## [DATA EXTRACTS]
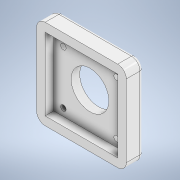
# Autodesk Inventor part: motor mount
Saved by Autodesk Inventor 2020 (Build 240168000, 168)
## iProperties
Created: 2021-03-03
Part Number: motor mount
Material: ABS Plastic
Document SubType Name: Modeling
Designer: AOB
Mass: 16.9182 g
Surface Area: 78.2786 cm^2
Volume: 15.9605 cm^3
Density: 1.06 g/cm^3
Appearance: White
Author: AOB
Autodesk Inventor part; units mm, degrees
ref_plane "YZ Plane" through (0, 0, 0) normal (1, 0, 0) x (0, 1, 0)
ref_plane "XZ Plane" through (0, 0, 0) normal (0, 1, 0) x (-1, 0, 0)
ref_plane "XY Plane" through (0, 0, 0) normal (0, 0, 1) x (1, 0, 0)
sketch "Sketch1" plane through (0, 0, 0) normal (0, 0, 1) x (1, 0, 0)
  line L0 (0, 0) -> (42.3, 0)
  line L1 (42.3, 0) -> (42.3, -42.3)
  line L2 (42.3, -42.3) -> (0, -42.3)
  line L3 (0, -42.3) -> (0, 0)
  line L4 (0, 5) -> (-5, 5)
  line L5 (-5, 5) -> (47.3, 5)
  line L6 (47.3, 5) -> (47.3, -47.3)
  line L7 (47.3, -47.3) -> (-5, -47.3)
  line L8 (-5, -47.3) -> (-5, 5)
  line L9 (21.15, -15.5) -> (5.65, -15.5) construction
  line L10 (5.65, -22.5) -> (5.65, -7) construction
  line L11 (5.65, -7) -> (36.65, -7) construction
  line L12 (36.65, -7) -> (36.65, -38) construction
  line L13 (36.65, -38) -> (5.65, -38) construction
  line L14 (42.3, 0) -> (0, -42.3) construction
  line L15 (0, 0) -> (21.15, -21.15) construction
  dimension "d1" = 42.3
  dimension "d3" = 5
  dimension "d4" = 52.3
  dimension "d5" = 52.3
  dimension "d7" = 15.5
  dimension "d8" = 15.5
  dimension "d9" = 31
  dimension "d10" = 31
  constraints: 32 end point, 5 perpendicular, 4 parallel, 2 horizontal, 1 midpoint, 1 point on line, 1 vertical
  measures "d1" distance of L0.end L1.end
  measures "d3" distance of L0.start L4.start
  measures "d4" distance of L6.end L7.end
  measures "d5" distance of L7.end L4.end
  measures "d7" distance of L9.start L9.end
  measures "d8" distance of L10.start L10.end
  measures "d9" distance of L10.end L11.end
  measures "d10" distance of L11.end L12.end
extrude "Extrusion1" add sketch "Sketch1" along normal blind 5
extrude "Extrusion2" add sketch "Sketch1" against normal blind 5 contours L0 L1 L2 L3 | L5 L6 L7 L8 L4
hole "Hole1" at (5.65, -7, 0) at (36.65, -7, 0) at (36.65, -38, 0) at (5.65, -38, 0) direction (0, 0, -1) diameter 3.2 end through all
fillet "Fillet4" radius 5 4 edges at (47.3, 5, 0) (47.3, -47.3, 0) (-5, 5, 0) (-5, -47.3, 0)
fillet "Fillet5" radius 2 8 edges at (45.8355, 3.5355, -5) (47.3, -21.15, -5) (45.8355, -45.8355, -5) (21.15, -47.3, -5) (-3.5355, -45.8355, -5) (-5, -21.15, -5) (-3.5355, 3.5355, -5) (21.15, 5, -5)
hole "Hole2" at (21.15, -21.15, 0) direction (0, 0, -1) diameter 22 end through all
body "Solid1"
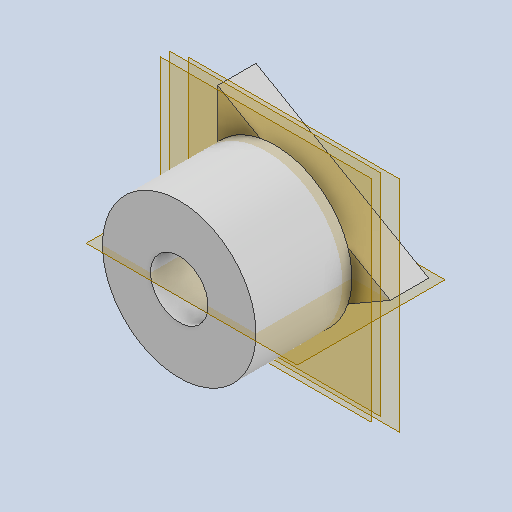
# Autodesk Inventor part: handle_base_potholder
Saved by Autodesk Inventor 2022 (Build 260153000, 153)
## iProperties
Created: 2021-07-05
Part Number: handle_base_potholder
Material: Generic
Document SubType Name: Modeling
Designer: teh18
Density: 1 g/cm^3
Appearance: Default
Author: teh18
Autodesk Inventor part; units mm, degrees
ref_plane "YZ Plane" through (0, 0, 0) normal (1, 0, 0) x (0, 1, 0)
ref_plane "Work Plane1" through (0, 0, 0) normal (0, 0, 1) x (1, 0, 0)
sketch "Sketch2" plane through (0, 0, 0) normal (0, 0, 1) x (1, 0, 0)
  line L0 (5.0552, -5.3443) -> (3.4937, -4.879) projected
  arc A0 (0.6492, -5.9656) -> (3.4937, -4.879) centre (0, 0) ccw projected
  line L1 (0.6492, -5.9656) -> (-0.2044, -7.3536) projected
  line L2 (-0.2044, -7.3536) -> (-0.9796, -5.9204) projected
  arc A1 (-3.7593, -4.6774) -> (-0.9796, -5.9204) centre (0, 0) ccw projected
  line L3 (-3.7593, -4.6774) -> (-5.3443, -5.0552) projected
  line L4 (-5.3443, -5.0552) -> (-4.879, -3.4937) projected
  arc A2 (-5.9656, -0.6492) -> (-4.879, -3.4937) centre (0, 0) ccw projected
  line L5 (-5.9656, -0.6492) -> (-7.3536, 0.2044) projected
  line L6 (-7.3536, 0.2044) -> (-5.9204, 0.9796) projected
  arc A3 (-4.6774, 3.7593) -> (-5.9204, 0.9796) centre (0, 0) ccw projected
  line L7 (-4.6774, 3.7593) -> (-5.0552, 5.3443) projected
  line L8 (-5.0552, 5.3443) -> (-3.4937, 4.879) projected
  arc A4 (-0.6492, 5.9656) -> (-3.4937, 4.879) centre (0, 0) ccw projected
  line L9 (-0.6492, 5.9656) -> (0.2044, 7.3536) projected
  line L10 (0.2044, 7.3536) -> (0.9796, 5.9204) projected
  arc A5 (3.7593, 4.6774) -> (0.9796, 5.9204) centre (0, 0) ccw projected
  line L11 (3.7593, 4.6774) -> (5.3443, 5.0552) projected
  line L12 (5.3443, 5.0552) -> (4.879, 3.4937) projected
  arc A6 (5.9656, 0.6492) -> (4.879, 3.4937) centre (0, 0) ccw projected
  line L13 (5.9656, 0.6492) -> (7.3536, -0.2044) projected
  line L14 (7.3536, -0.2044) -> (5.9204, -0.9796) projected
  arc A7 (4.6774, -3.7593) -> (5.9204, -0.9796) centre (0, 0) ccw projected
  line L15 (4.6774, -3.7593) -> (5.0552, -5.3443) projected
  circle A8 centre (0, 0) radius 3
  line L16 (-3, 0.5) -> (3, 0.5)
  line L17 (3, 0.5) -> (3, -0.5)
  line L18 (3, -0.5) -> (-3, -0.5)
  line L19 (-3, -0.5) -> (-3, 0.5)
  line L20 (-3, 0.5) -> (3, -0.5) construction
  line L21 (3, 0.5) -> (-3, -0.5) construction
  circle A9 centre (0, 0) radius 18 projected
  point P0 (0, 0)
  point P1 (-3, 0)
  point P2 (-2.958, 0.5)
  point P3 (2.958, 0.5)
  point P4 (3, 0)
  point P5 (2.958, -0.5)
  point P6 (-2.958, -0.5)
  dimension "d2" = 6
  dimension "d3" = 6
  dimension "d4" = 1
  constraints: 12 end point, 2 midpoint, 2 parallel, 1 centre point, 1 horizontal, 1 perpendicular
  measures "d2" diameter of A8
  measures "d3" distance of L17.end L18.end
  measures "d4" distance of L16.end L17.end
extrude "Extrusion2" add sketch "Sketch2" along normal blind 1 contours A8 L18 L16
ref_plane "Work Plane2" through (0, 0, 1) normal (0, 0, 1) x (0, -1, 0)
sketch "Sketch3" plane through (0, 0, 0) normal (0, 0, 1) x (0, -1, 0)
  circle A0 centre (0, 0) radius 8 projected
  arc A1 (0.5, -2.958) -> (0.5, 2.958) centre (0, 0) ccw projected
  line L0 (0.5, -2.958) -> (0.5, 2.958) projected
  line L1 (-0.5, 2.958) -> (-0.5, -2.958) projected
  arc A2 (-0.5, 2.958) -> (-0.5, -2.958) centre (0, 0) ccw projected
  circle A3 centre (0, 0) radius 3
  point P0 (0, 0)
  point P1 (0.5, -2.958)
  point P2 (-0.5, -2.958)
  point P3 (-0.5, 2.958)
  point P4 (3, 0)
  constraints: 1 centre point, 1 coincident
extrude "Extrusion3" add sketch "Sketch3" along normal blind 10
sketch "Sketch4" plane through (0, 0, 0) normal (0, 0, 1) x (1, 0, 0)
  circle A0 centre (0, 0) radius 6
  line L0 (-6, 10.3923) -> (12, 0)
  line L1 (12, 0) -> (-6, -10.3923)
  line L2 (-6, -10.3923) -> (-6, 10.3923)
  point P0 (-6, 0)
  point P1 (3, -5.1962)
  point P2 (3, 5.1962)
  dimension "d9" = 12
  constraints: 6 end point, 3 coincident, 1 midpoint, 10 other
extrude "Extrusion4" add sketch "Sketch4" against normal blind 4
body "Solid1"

## [WHAT YOU NEED TO DO]
From the records above, quote word for word only the lines beginning at the line that has "3.2 end through all" and stopping after the line that has "arc A2 (-5.9656, -0.6492)". Omit the pictures.

## [EXPECTED OUTPUT]
hole "Hole1" at (5.65, -7, 0) at (36.65, -7, 0) at (36.65, -38, 0) at (5.65, -38, 0) direction (0, 0, -1) diameter 3.2 end through all
fillet "Fillet4" radius 5 4 edges at (47.3, 5, 0) (47.3, -47.3, 0) (-5, 5, 0) (-5, -47.3, 0)
fillet "Fillet5" radius 2 8 edges at (45.8355, 3.5355, -5) (47.3, -21.15, -5) (45.8355, -45.8355, -5) (21.15, -47.3, -5) (-3.5355, -45.8355, -5) (-5, -21.15, -5) (-3.5355, 3.5355, -5) (21.15, 5, -5)
hole "Hole2" at (21.15, -21.15, 0) direction (0, 0, -1) diameter 22 end through all
body "Solid1"
# Autodesk Inventor part: handle_base_potholder
Saved by Autodesk Inventor 2022 (Build 260153000, 153)
## iProperties
Created: 2021-07-05
Part Number: handle_base_potholder
Material: Generic
Document SubType Name: Modeling
Designer: teh18
Density: 1 g/cm^3
Appearance: Default
Author: teh18
Autodesk Inventor part; units mm, degrees
ref_plane "YZ Plane" through (0, 0, 0) normal (1, 0, 0) x (0, 1, 0)
ref_plane "Work Plane1" through (0, 0, 0) normal (0, 0, 1) x (1, 0, 0)
sketch "Sketch2" plane through (0, 0, 0) normal (0, 0, 1) x (1, 0, 0)
  line L0 (5.0552, -5.3443) -> (3.4937, -4.879) projected
  arc A0 (0.6492, -5.9656) -> (3.4937, -4.879) centre (0, 0) ccw projected
  line L1 (0.6492, -5.9656) -> (-0.2044, -7.3536) projected
  line L2 (-0.2044, -7.3536) -> (-0.9796, -5.9204) projected
  arc A1 (-3.7593, -4.6774) -> (-0.9796, -5.9204) centre (0, 0) ccw projected
  line L3 (-3.7593, -4.6774) -> (-5.3443, -5.0552) projected
  line L4 (-5.3443, -5.0552) -> (-4.879, -3.4937) projected
  arc A2 (-5.9656, -0.6492) -> (-4.879, -3.4937) centre (0, 0) ccw projected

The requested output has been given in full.